- **Extracted records**:

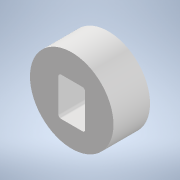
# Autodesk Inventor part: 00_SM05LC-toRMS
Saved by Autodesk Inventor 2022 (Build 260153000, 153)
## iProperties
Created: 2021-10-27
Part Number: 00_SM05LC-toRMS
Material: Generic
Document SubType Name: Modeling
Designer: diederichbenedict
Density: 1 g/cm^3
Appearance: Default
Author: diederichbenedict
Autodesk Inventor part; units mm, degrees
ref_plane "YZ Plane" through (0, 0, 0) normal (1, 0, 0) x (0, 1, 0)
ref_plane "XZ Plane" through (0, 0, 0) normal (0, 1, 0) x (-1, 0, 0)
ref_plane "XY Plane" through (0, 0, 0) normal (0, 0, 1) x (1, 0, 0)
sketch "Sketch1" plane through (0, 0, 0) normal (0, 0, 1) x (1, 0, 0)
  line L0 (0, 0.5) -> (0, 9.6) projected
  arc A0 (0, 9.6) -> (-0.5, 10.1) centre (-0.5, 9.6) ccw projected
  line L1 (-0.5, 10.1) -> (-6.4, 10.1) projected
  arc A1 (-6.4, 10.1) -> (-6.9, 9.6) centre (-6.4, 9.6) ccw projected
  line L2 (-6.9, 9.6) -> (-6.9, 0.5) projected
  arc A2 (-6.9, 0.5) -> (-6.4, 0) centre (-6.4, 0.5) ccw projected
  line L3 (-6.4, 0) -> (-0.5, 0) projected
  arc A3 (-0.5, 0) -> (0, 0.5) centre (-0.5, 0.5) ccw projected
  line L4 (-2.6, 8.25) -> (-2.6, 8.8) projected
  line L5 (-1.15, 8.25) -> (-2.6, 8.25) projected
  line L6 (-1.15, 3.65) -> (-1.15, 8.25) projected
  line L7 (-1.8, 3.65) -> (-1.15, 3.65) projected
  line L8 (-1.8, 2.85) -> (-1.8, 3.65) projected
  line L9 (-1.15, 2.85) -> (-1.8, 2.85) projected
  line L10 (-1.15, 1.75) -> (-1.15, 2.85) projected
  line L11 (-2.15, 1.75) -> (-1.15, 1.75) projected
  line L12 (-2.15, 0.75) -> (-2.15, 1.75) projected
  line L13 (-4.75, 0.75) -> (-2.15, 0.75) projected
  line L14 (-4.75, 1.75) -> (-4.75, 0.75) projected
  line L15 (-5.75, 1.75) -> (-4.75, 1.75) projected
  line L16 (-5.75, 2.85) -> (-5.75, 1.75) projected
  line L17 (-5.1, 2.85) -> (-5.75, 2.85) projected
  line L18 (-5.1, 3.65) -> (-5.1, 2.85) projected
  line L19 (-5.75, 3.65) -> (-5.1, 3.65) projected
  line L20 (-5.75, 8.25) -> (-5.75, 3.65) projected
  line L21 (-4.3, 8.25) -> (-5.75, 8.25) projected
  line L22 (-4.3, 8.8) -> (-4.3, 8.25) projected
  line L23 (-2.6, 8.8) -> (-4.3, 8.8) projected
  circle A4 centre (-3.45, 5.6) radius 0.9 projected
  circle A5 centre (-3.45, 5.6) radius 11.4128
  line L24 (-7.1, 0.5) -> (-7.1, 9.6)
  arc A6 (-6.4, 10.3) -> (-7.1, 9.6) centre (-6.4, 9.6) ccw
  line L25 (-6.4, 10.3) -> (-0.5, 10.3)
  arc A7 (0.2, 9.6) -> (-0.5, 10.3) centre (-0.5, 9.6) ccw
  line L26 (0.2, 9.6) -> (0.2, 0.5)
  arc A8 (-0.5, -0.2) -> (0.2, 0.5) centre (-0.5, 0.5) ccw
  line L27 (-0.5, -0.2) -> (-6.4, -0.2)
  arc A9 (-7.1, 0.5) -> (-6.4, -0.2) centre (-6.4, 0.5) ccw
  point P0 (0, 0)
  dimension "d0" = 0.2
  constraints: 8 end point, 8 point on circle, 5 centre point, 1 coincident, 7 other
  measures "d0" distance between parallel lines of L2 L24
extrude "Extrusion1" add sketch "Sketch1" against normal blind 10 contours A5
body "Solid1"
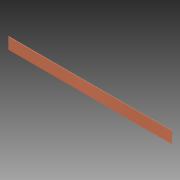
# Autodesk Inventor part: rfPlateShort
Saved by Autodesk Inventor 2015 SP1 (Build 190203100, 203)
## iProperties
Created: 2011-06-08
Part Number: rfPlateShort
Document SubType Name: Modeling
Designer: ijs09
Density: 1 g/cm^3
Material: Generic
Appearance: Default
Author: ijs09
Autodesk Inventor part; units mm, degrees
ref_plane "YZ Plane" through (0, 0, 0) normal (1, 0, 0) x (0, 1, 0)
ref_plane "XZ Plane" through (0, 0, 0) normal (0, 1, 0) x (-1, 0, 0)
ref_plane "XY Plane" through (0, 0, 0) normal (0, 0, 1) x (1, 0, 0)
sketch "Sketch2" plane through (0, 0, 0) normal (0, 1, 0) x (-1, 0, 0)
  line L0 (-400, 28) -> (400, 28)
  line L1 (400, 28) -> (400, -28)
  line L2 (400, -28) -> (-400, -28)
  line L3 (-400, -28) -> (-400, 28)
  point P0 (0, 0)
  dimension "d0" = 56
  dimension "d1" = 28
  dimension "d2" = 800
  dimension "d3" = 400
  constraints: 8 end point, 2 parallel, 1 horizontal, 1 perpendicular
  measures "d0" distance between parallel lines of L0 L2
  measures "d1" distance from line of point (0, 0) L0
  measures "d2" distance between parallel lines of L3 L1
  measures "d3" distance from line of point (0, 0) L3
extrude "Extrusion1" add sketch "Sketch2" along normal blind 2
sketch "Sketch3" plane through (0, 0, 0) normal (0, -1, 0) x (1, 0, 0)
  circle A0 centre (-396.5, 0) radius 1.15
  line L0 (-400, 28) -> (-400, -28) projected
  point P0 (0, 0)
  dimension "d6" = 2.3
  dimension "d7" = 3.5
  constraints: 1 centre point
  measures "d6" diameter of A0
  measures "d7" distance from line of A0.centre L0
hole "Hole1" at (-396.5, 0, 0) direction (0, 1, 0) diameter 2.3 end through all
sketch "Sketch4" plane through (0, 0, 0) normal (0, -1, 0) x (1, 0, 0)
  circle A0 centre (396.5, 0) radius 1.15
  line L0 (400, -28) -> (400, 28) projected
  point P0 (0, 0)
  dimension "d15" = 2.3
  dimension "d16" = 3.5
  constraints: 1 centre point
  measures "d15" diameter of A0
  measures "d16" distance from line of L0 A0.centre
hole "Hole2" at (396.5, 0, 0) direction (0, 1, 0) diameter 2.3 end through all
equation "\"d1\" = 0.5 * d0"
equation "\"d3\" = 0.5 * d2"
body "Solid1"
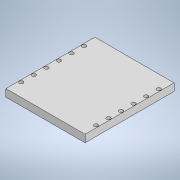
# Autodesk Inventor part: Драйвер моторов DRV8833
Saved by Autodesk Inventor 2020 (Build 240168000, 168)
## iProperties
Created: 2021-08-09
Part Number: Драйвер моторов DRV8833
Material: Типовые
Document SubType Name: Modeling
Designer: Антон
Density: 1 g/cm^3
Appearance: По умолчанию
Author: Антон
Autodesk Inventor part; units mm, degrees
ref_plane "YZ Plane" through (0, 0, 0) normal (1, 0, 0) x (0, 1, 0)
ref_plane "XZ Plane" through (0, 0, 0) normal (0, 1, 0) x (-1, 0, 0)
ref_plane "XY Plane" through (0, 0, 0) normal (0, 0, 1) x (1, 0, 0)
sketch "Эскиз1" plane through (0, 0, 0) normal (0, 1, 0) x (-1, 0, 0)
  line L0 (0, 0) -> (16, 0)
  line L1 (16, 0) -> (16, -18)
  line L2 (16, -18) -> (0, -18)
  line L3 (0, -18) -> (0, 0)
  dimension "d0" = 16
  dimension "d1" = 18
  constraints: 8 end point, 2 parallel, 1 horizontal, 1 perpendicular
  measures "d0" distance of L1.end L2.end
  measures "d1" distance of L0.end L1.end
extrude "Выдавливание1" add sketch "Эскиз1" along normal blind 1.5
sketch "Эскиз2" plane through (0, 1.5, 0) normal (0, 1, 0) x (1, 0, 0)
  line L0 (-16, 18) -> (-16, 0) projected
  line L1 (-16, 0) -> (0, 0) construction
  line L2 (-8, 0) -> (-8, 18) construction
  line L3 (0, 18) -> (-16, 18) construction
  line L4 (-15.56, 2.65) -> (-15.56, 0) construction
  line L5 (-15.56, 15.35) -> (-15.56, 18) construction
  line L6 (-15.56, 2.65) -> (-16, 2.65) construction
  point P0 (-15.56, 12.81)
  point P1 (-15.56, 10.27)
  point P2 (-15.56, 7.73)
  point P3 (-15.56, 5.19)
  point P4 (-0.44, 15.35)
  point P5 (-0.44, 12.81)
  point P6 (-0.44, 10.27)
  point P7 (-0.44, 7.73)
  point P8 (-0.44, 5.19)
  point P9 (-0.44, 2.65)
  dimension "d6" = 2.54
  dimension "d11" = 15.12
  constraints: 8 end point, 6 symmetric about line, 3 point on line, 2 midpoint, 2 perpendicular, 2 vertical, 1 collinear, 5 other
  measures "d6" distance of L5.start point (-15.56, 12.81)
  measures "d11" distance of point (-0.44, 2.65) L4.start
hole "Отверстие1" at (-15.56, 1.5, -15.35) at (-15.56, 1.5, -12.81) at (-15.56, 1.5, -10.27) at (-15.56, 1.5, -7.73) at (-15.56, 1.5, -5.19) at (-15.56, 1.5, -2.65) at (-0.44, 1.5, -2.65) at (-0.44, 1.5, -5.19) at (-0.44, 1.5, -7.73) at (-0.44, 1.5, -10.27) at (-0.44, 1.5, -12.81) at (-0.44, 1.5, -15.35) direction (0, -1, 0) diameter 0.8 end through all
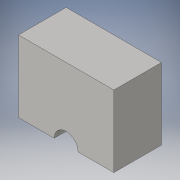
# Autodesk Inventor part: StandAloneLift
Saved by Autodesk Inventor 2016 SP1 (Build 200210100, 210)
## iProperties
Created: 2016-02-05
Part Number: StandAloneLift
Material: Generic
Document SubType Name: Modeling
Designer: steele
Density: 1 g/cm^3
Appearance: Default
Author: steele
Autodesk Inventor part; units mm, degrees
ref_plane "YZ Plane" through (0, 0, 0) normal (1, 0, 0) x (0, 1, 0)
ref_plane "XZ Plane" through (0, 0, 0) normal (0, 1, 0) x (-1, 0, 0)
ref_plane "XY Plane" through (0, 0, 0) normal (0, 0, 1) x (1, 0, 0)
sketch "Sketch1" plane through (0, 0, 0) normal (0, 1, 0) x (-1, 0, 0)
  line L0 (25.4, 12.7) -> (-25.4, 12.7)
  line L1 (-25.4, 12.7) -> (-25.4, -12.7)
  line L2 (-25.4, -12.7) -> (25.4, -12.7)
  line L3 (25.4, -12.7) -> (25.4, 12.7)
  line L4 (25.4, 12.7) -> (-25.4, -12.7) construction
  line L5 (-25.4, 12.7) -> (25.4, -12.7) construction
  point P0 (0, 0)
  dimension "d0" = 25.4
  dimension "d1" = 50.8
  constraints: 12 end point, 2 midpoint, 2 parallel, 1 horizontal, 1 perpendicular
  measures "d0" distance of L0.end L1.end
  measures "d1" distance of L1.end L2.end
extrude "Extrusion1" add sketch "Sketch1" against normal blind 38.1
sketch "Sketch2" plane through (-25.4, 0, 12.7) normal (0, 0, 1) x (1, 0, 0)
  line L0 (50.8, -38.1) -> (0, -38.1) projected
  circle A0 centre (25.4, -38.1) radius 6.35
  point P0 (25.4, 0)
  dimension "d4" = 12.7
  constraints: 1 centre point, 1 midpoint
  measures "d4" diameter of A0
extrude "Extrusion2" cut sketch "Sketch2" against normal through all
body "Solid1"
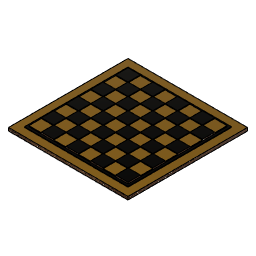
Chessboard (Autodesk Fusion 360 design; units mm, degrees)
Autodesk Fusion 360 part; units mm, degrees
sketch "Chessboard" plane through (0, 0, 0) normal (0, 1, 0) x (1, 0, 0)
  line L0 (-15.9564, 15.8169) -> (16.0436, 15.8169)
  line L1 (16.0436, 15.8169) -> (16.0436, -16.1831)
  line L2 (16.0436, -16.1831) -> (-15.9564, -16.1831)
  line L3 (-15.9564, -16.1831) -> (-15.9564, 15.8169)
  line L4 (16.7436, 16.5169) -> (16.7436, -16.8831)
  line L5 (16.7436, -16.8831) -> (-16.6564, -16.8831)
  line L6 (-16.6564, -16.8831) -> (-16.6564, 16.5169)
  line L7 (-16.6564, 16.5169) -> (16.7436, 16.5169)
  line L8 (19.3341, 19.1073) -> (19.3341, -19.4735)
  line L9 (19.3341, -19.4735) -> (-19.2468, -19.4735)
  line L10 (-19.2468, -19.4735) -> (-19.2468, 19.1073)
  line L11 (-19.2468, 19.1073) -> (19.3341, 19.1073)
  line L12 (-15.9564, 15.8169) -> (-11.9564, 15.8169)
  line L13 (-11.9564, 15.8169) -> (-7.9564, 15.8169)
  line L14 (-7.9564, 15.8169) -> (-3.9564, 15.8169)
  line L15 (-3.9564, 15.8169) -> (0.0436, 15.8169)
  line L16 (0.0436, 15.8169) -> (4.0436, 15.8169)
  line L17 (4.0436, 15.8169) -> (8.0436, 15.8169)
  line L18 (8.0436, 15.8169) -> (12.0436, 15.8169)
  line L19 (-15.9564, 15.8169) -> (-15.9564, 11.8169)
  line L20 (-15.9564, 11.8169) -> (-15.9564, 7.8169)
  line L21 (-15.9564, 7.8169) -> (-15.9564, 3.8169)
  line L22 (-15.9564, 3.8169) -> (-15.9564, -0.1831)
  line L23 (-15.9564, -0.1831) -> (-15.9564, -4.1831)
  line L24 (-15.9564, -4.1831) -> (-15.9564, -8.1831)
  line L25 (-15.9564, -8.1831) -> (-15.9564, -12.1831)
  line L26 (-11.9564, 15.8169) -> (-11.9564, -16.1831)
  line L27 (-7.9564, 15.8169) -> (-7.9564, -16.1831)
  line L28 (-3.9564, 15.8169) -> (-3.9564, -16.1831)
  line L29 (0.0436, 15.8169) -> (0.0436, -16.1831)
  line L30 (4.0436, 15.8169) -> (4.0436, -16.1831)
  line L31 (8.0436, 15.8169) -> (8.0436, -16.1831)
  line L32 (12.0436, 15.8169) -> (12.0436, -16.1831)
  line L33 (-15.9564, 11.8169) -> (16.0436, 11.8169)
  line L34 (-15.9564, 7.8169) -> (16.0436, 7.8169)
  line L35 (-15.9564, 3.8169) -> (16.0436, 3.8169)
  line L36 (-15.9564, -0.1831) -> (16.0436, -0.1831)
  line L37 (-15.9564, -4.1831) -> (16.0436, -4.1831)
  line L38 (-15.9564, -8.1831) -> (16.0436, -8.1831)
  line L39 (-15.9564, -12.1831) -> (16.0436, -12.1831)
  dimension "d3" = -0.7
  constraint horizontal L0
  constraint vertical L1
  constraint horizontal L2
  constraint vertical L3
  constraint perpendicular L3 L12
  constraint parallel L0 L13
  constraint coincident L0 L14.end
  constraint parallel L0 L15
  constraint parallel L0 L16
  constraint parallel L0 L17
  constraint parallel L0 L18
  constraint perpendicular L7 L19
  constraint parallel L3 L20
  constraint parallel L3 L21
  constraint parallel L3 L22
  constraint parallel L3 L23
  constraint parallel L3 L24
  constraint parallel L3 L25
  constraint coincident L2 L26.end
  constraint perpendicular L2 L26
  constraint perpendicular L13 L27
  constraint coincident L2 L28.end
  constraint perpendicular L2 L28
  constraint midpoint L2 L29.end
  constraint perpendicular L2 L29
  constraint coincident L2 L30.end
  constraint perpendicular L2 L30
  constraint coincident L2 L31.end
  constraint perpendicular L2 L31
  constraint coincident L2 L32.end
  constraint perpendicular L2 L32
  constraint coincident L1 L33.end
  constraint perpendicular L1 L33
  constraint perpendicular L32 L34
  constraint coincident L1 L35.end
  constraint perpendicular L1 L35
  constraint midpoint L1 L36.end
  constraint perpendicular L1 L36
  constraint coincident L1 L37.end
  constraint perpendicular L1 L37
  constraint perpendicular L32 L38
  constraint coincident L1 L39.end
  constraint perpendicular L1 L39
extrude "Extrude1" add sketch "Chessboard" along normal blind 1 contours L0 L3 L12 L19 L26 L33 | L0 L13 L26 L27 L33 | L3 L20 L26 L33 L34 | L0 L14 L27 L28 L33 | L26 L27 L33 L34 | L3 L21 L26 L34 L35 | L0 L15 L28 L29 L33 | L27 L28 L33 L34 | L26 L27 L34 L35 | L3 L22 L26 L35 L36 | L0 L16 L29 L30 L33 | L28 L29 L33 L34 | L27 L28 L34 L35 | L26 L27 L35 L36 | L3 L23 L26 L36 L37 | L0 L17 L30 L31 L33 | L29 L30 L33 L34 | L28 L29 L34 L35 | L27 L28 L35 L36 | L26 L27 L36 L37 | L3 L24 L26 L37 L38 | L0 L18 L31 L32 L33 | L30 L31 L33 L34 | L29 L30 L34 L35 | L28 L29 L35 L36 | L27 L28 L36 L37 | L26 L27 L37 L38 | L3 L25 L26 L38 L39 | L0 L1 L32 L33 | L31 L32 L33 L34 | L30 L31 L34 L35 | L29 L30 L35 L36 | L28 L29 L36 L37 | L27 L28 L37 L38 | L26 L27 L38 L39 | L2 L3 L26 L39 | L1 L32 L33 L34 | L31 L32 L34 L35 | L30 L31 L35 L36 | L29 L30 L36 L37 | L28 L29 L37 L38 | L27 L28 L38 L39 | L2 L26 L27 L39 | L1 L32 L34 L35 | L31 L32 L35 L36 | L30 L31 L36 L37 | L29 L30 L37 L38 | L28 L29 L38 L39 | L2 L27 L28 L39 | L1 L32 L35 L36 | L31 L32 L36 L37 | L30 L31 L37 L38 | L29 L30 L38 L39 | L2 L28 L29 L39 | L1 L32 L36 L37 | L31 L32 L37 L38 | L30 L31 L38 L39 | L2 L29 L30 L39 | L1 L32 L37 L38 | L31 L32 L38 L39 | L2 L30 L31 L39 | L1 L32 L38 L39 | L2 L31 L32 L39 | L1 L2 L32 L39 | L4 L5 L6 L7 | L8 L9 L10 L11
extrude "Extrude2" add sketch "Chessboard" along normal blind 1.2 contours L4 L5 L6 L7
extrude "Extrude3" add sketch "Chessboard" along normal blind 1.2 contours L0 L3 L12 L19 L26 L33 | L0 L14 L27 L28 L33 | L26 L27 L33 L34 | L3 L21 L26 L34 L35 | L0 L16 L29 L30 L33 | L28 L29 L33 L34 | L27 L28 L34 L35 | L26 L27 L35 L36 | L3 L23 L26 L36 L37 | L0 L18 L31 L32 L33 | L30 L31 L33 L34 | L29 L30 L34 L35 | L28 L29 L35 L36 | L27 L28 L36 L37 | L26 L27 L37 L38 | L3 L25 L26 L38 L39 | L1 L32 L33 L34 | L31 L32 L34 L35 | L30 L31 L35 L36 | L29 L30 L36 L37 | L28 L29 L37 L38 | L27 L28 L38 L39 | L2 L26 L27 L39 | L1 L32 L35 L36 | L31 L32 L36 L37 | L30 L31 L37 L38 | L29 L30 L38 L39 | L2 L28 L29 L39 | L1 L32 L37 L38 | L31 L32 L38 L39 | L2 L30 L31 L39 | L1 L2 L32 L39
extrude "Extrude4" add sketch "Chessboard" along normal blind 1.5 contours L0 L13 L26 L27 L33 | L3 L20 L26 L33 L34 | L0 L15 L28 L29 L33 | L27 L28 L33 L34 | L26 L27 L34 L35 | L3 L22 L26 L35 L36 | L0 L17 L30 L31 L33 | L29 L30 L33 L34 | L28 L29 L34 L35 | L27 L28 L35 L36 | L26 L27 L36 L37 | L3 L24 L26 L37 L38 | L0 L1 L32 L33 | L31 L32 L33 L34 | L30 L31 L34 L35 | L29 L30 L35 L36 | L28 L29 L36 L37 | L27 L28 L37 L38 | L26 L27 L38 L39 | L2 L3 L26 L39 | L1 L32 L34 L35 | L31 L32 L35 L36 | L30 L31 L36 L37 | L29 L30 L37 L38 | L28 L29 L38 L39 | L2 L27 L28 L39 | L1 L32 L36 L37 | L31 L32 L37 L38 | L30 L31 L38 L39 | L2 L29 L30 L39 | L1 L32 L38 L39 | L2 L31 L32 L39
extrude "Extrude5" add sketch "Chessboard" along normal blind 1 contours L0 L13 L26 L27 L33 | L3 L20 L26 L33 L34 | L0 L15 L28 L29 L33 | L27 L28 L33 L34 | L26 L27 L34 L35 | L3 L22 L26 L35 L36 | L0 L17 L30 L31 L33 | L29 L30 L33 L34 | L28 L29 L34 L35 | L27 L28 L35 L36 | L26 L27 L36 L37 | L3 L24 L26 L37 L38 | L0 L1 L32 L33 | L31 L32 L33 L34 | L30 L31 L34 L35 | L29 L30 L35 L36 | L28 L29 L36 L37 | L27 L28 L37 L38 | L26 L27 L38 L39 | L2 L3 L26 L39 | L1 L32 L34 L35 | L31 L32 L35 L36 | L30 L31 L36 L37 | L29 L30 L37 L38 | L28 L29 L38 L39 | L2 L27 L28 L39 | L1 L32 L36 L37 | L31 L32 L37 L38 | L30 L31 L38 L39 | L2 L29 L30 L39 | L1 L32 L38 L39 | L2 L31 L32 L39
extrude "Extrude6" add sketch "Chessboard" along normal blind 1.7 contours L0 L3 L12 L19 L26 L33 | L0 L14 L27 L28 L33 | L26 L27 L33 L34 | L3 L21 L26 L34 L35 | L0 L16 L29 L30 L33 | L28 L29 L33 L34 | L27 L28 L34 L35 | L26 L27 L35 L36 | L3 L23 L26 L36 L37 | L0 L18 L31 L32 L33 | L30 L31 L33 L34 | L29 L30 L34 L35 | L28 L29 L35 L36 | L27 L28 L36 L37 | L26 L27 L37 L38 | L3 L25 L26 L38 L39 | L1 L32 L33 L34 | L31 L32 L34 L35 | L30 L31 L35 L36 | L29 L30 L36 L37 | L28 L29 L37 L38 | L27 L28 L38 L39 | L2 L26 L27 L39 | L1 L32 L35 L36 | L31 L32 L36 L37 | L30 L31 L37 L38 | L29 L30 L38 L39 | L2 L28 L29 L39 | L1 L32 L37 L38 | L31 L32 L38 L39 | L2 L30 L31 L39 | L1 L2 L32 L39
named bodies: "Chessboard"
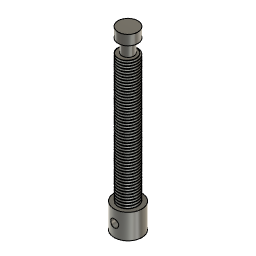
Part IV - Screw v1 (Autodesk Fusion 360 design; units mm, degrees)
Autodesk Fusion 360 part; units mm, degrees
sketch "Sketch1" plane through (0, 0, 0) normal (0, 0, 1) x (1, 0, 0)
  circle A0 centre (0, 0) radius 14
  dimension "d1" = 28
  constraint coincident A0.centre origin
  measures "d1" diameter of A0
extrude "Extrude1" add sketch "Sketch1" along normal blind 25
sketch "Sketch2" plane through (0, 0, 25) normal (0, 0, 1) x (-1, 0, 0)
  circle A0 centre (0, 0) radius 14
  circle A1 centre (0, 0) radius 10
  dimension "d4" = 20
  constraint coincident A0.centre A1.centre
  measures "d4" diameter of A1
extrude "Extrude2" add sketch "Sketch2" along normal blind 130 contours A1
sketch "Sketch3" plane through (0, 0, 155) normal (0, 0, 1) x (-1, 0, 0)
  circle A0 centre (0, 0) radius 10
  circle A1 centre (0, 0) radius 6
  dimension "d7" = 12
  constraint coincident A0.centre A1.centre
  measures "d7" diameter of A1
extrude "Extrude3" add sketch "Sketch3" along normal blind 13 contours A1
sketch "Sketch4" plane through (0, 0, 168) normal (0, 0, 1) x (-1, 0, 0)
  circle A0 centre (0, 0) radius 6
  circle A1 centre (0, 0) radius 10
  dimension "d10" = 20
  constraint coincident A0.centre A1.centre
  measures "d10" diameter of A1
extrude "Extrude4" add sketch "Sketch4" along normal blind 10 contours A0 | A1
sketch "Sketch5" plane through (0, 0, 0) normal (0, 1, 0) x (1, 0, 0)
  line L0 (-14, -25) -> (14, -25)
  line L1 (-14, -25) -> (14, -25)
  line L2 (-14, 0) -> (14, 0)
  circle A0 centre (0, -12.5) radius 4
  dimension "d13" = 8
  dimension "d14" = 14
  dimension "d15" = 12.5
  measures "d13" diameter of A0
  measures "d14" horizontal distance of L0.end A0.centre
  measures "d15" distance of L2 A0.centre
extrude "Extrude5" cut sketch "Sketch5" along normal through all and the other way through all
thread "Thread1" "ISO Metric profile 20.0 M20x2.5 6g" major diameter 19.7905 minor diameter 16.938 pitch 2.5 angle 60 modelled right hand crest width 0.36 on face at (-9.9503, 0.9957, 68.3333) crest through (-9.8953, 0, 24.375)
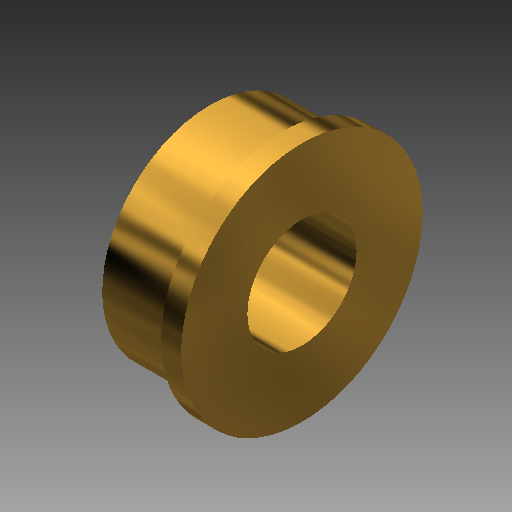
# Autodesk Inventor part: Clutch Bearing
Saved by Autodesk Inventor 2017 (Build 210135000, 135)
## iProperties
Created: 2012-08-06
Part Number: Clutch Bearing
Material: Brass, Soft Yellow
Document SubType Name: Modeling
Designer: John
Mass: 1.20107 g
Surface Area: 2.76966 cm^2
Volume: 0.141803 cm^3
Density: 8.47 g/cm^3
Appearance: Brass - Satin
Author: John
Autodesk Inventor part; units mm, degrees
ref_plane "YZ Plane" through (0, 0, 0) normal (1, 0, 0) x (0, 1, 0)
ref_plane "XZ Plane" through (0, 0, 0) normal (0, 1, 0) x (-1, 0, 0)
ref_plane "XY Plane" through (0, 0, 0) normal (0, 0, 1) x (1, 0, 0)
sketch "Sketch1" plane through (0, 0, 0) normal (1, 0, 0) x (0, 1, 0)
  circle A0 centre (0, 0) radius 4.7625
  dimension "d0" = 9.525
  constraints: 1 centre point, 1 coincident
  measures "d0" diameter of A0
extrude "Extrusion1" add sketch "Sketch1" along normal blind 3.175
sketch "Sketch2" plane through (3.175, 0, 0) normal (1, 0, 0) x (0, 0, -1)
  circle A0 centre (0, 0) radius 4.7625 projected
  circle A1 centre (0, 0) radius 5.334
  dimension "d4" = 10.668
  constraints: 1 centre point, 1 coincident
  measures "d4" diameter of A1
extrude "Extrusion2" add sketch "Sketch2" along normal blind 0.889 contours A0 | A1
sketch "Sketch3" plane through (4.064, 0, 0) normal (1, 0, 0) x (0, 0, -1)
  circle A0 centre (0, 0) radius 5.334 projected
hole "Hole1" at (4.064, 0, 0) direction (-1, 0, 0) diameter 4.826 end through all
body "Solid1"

- **Your task**:
Above are the records. Print exactly, and only, the lines from the line with "constraint parallel L0 L16" to the line with "constraint midpoint L2 L29.end", both inclusive.

- **Solution to this task**:
  constraint parallel L0 L16
  constraint parallel L0 L17
  constraint parallel L0 L18
  constraint perpendicular L7 L19
  constraint parallel L3 L20
  constraint parallel L3 L21
  constraint parallel L3 L22
  constraint parallel L3 L23
  constraint parallel L3 L24
  constraint parallel L3 L25
  constraint coincident L2 L26.end
  constraint perpendicular L2 L26
  constraint perpendicular L13 L27
  constraint coincident L2 L28.end
  constraint perpendicular L2 L28
  constraint midpoint L2 L29.end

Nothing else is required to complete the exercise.